Azure Key Vault 401 authentication errors

2
votes

I am fetching secret values from key vault for my azure stateless service fabric application and getting 401 dependency errors (if I check via connected application insight) for only 2 key vault secrets out of 100s key vault secrets. Below given is the screenshot of dependency error shown via application insight for one of the key vault secret.

image

Here request path is https://mykeyvaultname.vault.azure.net:443/secrets/PushMessagingSecretsTopicName/?api-version=7.0

My code to fetch the key vault secret is given below-

    public async Task<string> GetSecretAsync(string secretName, string clientId, string appKey, string vaultAddress)
            {
                string secretValue = string.Empty;
                if (string.IsNullOrEmpty(secretName))
                    throw new ArgumentNullException(nameof(secretName));

                if (string.IsNullOrEmpty(clientId))
                    throw new ArgumentNullException(nameof(clientId));

                if (string.IsNullOrEmpty(appKey))
                    throw new ArgumentNullException(nameof(appKey));

                if (string.IsNullOrEmpty(vaultAddress))
                    throw new ArgumentNullException(nameof(vaultAddress));

                var secretIdentifier = vaultAddress + "secrets/" + secretName;
                string cacheKey = secretIdentifier + clientId + appKey;

                secretValue = await GetSecretValue(clientId, appKey, secretIdentifier, cacheKey);

                return secretValue;
            }

private async Task<string> GetSecretValue(string clientId, string appKey, string secretIdentifier, string cacheKey)
        {
            IAdAuthentication authToken = new AdAuthentication
            {
                ClientId = clientId,
                AppKey = appKey
            };
            KeyVaultClient keyVaultClient = new KeyVaultClient(authToken.GetAuthenticationTokenAsync);

            // Get secret from the KeyVault.
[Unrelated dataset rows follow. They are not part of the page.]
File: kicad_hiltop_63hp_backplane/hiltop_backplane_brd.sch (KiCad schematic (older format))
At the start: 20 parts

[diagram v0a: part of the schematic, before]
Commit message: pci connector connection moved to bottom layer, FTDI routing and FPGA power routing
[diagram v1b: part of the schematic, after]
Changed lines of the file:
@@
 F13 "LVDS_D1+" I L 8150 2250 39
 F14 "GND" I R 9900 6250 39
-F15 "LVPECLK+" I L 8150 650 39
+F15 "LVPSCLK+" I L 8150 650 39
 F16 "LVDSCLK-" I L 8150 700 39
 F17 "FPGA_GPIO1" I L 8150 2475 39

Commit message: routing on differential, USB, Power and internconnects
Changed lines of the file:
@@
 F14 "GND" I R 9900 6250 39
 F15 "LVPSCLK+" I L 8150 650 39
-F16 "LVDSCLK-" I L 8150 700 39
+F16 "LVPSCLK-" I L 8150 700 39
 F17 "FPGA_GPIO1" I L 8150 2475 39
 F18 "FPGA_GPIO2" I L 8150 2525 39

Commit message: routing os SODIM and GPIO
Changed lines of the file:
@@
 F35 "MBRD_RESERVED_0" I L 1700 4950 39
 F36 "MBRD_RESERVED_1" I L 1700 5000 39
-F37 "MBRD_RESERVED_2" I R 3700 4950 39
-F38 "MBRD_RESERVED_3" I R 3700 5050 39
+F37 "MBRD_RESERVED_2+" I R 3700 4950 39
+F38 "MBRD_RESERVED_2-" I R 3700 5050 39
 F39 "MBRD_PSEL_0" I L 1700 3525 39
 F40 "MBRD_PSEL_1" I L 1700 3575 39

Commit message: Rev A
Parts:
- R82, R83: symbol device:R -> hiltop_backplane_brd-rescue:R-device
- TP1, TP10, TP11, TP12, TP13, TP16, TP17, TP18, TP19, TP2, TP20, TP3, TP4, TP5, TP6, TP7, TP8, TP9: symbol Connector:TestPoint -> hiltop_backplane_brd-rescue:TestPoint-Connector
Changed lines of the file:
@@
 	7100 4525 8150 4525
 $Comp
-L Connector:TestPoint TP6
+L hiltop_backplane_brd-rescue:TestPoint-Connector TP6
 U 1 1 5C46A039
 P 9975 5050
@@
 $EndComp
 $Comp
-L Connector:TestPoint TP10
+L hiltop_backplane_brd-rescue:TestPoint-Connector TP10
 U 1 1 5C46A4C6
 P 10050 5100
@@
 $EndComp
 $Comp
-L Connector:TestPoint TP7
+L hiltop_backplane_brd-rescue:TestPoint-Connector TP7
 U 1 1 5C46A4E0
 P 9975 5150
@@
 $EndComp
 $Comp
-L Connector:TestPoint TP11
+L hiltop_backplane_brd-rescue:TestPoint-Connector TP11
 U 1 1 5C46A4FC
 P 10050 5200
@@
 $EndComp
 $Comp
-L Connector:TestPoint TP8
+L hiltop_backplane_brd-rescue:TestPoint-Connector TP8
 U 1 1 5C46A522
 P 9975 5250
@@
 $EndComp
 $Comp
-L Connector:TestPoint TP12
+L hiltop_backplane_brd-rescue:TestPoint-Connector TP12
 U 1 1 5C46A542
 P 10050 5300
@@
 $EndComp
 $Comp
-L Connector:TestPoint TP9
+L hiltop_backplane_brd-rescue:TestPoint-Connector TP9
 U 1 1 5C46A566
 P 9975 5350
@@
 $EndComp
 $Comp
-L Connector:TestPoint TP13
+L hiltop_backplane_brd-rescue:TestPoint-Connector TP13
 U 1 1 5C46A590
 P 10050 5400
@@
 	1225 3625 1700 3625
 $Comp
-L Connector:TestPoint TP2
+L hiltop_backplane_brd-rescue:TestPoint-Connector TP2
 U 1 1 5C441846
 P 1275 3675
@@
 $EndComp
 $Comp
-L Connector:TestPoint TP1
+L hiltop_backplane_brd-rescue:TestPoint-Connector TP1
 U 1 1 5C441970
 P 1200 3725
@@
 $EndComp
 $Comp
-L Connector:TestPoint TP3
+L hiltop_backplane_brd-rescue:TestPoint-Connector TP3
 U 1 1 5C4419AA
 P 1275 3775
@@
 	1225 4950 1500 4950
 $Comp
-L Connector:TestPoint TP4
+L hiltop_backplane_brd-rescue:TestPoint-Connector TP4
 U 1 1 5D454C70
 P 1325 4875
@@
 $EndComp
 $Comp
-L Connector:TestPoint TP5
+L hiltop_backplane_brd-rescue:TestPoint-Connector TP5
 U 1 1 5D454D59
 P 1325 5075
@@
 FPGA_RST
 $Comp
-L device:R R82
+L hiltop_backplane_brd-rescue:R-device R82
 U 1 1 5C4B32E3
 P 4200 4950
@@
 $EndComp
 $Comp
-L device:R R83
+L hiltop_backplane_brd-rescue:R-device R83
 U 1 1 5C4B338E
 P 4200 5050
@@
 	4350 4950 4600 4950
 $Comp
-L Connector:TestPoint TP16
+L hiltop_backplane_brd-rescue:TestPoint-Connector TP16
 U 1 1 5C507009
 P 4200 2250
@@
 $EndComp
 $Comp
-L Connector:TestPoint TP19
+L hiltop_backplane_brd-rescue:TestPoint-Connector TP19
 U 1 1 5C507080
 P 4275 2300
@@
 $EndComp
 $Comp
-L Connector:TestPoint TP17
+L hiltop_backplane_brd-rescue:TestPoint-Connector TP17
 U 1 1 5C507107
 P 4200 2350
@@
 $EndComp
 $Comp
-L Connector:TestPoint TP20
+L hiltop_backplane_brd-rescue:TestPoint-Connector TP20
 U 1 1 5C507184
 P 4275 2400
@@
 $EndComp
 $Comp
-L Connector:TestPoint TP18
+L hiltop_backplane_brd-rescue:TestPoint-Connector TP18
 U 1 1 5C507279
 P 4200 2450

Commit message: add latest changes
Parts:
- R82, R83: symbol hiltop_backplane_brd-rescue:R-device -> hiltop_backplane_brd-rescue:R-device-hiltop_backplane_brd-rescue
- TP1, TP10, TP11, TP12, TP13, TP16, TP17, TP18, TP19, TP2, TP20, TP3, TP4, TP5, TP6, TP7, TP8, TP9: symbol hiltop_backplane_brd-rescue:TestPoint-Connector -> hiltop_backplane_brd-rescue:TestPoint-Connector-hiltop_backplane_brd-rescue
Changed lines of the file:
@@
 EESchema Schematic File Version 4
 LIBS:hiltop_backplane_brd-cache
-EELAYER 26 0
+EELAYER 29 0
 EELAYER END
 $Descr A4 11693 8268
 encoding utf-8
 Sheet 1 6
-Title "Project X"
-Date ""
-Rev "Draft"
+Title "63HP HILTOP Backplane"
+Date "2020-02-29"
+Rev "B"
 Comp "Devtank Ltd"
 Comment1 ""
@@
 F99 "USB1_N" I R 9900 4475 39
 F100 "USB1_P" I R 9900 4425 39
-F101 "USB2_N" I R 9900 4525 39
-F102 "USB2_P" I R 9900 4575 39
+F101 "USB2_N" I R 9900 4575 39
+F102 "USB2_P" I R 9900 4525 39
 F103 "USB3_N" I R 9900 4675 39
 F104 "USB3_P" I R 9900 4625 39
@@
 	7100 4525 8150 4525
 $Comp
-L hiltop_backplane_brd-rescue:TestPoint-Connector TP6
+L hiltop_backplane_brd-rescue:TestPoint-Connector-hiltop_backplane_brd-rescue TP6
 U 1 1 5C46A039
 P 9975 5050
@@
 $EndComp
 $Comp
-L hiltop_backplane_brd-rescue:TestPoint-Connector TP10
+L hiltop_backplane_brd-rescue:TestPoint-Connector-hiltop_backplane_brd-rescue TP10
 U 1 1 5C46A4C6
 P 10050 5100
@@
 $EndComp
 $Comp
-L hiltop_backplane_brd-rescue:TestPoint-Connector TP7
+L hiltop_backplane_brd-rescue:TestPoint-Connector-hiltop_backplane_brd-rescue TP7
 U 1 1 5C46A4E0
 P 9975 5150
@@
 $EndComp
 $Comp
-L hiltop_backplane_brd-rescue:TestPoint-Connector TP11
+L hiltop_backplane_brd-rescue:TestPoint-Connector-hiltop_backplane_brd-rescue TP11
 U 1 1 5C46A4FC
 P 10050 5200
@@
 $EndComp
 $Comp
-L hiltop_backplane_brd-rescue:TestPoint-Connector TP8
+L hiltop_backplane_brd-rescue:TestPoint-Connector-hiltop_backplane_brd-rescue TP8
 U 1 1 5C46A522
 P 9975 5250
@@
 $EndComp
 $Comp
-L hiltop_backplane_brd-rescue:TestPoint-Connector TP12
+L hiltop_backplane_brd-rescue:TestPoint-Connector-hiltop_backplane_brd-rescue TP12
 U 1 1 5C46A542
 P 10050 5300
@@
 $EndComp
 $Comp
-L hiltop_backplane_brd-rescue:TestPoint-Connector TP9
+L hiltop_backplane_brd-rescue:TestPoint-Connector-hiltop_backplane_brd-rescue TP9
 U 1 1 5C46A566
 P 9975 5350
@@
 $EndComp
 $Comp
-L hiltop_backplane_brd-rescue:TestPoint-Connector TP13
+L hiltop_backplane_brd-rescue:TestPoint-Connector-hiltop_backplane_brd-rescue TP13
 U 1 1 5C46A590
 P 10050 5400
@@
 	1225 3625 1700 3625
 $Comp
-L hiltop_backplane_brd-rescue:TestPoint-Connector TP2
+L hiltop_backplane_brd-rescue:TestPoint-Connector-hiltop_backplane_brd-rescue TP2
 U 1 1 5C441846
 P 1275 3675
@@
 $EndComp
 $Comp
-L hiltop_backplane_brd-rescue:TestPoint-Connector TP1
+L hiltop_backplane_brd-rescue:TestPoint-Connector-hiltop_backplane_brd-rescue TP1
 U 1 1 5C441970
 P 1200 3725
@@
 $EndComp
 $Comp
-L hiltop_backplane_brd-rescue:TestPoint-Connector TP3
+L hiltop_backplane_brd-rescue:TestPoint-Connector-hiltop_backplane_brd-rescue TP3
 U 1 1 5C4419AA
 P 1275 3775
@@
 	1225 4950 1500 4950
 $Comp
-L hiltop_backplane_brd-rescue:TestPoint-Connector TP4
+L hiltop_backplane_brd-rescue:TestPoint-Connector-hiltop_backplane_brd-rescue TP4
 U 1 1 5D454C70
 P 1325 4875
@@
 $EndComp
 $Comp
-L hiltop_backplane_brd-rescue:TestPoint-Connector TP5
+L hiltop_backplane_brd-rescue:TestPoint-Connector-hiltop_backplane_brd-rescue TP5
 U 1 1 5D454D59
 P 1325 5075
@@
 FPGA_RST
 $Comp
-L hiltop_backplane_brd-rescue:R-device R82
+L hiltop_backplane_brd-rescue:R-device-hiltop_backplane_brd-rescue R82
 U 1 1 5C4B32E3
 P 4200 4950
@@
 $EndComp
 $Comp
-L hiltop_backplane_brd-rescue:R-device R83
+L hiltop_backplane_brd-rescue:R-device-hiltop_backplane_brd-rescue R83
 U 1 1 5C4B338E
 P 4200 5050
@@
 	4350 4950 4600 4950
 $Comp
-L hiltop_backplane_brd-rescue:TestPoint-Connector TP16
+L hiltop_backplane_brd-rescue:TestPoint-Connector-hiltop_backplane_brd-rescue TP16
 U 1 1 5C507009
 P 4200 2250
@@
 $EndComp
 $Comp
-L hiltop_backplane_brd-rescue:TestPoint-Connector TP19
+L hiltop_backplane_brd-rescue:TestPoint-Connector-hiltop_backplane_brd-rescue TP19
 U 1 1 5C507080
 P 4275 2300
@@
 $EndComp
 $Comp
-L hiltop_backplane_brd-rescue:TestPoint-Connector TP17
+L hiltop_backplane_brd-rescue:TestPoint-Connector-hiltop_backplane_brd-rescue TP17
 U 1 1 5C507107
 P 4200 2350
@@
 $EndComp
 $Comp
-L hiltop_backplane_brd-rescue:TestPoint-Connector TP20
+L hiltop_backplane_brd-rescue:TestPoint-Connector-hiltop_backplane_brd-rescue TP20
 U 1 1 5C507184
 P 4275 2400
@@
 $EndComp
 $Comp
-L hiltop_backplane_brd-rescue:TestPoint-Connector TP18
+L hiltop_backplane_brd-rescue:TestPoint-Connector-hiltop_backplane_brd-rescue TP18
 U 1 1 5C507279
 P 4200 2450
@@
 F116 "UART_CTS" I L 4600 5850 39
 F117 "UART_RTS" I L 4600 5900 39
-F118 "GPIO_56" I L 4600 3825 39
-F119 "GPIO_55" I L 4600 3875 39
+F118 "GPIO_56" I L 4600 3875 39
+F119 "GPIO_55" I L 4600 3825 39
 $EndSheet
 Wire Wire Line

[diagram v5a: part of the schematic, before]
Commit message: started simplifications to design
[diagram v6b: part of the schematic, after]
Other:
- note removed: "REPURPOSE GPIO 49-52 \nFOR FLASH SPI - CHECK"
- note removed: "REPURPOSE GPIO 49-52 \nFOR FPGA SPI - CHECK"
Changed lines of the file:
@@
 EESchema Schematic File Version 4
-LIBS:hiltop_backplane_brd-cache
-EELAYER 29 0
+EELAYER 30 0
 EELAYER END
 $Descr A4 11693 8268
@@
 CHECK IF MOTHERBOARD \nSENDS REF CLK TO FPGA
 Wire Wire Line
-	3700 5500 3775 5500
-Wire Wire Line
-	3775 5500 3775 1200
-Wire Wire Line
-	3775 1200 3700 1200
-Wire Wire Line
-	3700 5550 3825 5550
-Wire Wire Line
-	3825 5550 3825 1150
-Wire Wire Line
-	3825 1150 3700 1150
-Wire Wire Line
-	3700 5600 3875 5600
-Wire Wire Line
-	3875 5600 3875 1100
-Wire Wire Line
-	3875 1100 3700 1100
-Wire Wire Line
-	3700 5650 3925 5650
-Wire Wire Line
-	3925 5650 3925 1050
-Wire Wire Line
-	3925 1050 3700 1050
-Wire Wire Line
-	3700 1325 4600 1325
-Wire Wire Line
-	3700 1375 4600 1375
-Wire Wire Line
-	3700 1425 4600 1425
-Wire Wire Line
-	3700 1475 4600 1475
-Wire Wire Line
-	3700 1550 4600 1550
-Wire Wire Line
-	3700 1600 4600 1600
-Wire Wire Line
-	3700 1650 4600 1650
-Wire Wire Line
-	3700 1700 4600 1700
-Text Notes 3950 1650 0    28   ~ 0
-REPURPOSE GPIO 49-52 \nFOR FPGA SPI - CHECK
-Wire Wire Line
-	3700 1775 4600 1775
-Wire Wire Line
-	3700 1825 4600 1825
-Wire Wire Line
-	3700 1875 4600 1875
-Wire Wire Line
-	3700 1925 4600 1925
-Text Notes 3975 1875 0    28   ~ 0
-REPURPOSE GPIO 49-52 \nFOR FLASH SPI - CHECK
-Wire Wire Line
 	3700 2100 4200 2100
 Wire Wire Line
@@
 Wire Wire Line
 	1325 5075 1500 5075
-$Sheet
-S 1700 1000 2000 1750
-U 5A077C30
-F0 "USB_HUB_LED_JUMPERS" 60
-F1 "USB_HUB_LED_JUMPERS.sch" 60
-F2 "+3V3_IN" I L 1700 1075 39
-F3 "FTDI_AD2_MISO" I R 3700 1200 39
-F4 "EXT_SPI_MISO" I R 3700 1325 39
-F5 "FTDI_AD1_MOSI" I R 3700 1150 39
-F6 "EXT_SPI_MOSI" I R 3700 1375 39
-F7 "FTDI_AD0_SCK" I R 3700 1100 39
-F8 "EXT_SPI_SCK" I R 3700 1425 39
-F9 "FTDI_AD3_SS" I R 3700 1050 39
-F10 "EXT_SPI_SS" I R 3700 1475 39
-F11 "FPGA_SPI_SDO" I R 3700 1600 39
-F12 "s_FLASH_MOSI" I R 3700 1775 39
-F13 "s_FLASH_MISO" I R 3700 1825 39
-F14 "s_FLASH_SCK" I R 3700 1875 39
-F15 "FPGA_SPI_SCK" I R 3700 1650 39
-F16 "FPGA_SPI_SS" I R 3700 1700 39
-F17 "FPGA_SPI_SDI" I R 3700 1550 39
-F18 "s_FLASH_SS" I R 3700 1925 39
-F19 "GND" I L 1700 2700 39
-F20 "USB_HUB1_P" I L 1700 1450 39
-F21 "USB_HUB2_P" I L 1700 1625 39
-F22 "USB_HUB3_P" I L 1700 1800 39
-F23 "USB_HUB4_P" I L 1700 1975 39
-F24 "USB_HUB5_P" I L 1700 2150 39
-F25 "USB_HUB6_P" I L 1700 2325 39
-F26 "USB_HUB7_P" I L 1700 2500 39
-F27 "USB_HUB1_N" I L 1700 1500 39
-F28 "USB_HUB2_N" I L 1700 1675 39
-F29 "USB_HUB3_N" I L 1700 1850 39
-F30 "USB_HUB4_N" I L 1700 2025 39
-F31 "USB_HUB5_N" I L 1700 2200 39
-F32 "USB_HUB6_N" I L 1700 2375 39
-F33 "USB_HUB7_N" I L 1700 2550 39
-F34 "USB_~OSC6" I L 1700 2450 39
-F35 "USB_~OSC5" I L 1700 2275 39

            SecretBundle secret = null;

            Task tskGetSecret = Task.Run(async () =>
            {
                        //Here I am getting exception with response
                        secret = await keyVaultClient.GetSecretAsync(secretIdentifier).ConfigureAwait(false);
            });
            await Task.WhenAny(tskGetSecret);

            if (tskGetSecret.IsFaulted || tskGetSecret.IsCanceled)
            {
                secret = null;
            }

            string secretValue = string.Empty;
            if (secret != null && secret.Value != null)
            {
                secretValue = secret.Value.Trim();
            }

            return secretValue;
        }

I have debugged the issue further and below given is my finding-

  1. Exception occurs at the time of fetching value of specific keyVaultSecret.

  2. Along with exception, value of secret is also being fetched successfully.

  3. Exception is:Microsoft.Rest.TransientFaultHandling.HttpRequestWithStatusException: 'Response status code indicates server error: 401 (Unauthorized).'

StackTrace:-

at Microsoft.Rest.RetryDelegatingHandler.<>c__DisplayClass11_0.<<SendAsync>b__1>d.MoveNext()
1
dependenciesazure-application-insightshttp-status-code-401azure-keyvault

1 Answers

1
votes

I am closing this issue as with further debugging I found that issue is not intermittent and not related to specific key vault secrets. Issue always occurs while fetching value of first key vault secret for the application. I am closing this issue and opened a new issue with proper details.